Researchers have found a possible genetic link for attention deficit hyperactivity disorder (ADHD). But the researchers also stress that their evidence does not suggest a single gene or set of genes are responsible for ADHD.
Researchers led by Anita Thapar from Cardiff University in Wales analyzed DNA strands from 366 children who had been diagnosed with attention deficit disorder. They then compared DNA from 1,047 children without ADHD.
They found that the children in the ADHD group were over twice as likely to have large and rare variations in their DNA, called copy number variants — 15 percent compared to 7 percent in the control group.
However, the researchers could not explain why 85 percent of ADHD children examined did not have similar rare variations in their DNA, suggesting there is still a long way to go to unraveling the secrets of attention deficit disorder’s origins.
“We found that, compared with the control group, the children with ADHD have a much higher rate of chunks of DNA that are either duplicated or missing,” said Thapar.

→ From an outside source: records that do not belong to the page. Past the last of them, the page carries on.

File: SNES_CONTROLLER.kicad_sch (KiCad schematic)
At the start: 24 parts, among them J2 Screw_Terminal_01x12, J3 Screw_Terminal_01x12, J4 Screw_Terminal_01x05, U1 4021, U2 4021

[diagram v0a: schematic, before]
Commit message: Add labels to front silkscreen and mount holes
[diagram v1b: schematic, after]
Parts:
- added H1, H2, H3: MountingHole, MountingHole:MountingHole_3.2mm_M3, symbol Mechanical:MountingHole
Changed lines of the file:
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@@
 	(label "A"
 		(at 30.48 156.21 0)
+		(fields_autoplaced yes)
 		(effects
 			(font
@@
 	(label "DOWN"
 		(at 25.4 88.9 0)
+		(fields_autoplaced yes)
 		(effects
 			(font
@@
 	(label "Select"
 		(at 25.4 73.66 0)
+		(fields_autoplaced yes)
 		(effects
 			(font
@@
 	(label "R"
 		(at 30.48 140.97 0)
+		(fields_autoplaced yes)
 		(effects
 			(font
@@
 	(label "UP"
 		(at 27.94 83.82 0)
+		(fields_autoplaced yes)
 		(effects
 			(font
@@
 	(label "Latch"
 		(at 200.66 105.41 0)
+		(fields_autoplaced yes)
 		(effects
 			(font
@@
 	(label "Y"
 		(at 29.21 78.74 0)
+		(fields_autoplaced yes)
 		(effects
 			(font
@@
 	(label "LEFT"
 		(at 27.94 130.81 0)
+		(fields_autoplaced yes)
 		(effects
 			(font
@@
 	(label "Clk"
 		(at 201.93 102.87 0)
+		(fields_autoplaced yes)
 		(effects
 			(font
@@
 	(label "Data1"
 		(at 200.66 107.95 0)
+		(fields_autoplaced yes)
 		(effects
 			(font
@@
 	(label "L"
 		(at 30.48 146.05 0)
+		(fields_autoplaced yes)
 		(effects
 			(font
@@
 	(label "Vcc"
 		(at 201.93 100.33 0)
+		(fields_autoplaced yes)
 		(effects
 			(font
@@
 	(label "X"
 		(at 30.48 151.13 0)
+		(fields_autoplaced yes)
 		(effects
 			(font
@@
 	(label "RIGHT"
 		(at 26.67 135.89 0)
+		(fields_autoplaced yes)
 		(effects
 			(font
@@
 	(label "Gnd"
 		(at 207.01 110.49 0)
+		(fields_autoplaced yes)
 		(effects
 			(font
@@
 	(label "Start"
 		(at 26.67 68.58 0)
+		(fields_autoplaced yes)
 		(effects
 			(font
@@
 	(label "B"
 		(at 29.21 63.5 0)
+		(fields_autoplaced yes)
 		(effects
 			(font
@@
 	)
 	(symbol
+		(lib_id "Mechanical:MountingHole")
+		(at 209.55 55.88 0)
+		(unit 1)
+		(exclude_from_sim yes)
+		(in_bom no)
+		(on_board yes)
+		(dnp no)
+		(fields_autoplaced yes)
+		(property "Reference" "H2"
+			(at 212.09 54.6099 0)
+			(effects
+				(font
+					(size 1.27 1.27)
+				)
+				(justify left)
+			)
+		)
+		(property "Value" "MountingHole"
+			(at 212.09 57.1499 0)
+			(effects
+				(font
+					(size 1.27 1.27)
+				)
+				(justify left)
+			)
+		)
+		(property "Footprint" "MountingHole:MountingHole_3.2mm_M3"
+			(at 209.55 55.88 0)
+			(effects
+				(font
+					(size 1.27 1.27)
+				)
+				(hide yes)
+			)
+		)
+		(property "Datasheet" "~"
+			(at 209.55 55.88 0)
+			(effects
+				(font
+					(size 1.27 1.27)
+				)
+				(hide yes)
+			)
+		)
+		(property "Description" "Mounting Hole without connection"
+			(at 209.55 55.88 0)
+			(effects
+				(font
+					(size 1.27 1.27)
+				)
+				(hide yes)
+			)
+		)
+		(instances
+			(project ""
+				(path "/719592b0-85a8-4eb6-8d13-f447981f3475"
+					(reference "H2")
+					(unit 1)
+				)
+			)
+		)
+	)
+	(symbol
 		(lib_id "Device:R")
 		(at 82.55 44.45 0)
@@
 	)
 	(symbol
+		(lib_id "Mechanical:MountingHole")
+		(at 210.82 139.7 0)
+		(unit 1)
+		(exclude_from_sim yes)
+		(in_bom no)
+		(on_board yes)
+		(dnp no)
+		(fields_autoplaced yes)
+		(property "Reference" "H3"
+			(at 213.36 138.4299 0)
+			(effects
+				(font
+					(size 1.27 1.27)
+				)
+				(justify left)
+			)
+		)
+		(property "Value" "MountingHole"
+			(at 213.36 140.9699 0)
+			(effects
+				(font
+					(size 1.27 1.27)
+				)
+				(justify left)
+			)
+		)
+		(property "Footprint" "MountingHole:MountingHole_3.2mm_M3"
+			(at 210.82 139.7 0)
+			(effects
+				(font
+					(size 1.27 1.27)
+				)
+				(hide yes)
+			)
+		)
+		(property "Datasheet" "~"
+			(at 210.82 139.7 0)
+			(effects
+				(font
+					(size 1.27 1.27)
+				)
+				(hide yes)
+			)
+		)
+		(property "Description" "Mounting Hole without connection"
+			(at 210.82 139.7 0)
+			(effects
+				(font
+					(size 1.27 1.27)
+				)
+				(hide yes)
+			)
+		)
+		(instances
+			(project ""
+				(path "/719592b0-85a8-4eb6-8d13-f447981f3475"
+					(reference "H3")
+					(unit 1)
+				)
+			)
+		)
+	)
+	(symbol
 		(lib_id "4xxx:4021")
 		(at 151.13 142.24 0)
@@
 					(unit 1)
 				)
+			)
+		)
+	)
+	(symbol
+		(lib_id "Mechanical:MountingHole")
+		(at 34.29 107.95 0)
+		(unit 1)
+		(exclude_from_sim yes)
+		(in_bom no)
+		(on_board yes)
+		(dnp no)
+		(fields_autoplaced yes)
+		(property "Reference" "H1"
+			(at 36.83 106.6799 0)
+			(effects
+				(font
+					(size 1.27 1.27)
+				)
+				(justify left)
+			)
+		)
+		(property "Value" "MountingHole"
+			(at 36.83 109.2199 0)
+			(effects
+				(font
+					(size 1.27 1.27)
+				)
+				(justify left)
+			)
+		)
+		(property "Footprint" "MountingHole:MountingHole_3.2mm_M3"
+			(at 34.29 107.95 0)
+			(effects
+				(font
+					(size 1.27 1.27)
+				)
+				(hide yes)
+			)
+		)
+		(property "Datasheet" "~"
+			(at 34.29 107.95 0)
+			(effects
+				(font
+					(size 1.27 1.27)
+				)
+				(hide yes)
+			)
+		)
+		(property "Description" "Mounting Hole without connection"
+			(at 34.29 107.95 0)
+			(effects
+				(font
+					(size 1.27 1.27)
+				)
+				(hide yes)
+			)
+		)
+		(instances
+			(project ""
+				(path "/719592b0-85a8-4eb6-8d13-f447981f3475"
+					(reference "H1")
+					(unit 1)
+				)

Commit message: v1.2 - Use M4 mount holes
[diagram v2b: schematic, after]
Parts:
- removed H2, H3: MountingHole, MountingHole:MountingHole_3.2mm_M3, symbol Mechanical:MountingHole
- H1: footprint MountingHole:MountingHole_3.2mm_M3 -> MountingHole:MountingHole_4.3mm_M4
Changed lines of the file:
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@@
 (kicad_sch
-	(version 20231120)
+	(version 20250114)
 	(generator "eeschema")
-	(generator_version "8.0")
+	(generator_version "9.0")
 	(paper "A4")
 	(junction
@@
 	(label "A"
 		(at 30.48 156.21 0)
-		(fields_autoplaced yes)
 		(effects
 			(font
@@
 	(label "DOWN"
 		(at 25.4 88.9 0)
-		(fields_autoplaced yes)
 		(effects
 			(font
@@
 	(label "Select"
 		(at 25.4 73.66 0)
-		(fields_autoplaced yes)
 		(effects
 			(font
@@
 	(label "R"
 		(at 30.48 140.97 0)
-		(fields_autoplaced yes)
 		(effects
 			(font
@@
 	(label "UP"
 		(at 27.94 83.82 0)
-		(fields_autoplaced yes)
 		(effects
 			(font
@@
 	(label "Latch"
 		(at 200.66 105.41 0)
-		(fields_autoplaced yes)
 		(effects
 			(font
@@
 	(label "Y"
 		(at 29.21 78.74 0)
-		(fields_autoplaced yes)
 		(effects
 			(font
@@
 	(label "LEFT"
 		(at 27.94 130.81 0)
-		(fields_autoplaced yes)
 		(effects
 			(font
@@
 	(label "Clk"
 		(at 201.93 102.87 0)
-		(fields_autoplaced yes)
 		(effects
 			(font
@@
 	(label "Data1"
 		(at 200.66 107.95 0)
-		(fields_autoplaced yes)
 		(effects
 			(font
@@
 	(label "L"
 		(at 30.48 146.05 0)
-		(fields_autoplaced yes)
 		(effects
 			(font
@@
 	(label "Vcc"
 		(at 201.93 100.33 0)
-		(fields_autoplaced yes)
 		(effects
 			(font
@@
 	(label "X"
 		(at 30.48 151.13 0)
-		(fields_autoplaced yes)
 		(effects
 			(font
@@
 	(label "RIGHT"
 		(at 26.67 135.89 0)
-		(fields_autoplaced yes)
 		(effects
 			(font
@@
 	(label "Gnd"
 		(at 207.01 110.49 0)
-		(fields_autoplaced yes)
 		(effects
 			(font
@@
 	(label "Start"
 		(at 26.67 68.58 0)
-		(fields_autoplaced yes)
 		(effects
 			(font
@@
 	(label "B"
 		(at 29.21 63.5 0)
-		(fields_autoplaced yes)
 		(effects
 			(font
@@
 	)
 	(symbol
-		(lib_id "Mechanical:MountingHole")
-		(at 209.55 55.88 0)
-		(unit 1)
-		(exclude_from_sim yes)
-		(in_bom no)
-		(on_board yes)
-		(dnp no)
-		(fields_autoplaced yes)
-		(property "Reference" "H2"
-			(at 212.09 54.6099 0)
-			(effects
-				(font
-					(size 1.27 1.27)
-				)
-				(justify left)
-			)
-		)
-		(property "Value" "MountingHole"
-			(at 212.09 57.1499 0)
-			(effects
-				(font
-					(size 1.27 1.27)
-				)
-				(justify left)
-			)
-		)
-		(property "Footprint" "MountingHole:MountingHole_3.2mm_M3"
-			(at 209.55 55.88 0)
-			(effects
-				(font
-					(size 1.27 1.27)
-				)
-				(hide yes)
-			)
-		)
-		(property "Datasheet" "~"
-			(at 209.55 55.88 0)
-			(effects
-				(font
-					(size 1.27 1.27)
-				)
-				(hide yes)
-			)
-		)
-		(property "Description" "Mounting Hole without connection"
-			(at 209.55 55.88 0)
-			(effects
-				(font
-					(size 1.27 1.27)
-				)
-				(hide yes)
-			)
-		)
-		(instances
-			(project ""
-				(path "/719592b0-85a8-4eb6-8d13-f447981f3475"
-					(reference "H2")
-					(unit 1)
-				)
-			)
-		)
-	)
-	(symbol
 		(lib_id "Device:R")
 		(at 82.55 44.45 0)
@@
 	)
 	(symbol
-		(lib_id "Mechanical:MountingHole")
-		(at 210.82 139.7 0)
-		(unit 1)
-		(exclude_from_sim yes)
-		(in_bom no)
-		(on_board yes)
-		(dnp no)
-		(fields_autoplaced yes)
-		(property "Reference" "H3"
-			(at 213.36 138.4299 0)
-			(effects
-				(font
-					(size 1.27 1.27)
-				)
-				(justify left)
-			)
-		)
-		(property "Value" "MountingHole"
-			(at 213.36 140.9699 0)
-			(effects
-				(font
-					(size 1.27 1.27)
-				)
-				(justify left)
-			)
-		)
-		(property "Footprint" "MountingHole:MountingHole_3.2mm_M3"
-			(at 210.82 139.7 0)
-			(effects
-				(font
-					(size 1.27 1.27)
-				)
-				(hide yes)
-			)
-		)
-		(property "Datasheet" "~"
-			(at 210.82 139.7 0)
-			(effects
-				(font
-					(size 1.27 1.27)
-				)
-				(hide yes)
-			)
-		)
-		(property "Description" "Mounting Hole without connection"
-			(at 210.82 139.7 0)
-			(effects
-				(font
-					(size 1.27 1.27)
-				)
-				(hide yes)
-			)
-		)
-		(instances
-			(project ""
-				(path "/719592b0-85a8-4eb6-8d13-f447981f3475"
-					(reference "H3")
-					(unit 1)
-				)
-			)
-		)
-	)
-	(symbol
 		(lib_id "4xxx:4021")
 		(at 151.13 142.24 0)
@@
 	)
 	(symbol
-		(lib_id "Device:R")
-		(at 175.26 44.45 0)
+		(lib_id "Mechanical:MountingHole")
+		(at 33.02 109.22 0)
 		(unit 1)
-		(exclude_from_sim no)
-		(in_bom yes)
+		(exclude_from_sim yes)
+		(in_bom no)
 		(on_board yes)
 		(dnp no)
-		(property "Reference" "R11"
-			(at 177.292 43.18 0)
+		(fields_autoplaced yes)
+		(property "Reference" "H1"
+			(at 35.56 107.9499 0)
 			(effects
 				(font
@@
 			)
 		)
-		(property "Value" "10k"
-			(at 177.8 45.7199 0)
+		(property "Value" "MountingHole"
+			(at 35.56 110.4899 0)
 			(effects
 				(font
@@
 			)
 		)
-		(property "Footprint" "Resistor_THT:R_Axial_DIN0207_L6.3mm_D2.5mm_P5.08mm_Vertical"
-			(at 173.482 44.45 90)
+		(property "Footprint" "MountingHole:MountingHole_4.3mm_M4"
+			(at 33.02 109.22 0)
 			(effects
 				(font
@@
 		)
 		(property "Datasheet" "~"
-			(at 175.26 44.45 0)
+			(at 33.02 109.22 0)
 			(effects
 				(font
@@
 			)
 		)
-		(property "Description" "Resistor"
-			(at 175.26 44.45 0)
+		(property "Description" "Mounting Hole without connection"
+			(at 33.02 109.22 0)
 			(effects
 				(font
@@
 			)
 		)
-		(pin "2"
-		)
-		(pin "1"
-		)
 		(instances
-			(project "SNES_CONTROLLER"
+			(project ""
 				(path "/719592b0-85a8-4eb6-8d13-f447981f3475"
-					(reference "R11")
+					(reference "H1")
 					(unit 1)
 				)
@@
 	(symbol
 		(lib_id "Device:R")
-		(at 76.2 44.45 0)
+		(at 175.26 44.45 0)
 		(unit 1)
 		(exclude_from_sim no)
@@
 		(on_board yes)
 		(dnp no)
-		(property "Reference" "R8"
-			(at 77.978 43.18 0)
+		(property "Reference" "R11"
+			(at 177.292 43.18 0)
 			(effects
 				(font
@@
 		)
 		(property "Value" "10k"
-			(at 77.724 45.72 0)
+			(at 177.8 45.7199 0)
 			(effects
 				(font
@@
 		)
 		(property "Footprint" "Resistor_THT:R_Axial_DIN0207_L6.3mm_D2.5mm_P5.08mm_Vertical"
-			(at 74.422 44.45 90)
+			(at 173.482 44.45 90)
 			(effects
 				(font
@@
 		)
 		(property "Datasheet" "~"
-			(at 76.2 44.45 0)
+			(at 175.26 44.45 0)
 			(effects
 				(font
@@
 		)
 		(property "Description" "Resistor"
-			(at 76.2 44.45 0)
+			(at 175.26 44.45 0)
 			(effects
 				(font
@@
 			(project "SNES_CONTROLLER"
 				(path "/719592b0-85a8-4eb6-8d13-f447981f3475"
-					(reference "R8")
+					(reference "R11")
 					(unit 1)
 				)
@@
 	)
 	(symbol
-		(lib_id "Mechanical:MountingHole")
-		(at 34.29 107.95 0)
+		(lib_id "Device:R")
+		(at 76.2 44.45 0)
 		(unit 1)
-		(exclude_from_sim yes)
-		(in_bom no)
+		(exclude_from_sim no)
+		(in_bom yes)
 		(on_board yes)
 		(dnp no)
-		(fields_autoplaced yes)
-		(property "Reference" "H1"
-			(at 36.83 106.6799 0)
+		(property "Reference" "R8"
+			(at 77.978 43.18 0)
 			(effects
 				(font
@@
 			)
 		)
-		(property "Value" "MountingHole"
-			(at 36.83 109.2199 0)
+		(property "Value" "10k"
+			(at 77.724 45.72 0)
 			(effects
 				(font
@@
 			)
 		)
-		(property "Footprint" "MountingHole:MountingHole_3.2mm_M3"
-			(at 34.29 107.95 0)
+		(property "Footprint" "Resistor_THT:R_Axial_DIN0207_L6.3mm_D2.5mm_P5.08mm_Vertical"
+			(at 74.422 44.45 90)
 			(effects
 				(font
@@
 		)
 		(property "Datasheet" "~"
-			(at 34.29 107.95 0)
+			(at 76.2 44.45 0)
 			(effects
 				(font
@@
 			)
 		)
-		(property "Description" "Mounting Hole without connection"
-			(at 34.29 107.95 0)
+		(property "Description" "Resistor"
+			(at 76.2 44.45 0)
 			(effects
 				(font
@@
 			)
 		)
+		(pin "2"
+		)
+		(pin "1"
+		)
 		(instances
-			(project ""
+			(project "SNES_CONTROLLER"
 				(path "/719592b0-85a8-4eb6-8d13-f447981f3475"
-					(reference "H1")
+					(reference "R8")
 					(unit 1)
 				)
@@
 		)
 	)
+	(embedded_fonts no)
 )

“It’s going to be the start of a much more scientific venture because our findings are going to help unravel the biological basis of ADHD,” continued Thapar. “Of course, this won’t happen immediately.”
“The first gains beyond today’s study might be initial insights into the pathogenesis and neurobiology of brain development as influenced by these genetic variants,” said J. Peter Burbach, PhD, of University Medical Center Utrecht in an accompanying editorial.
“This knowledge will eventually enter the clinic and might affect the way people think about and treat neurodevelopmental disorders by accounting for the biological consequence of the specific patient’s genotype.”
This is apparently the first research data to connect attention deficit disorder to genes, suggesting that it is not purely a behavioral or psychological disorder, or one caused by bad parenting.
The study also found a significant genetic overlap between ADHD and autism, two disorders that previously had been thought to be completely separate and distinct entities. This additional finding suggests there may be a shared biological basis to these two mental disorders.
The study was published online in The Lancet.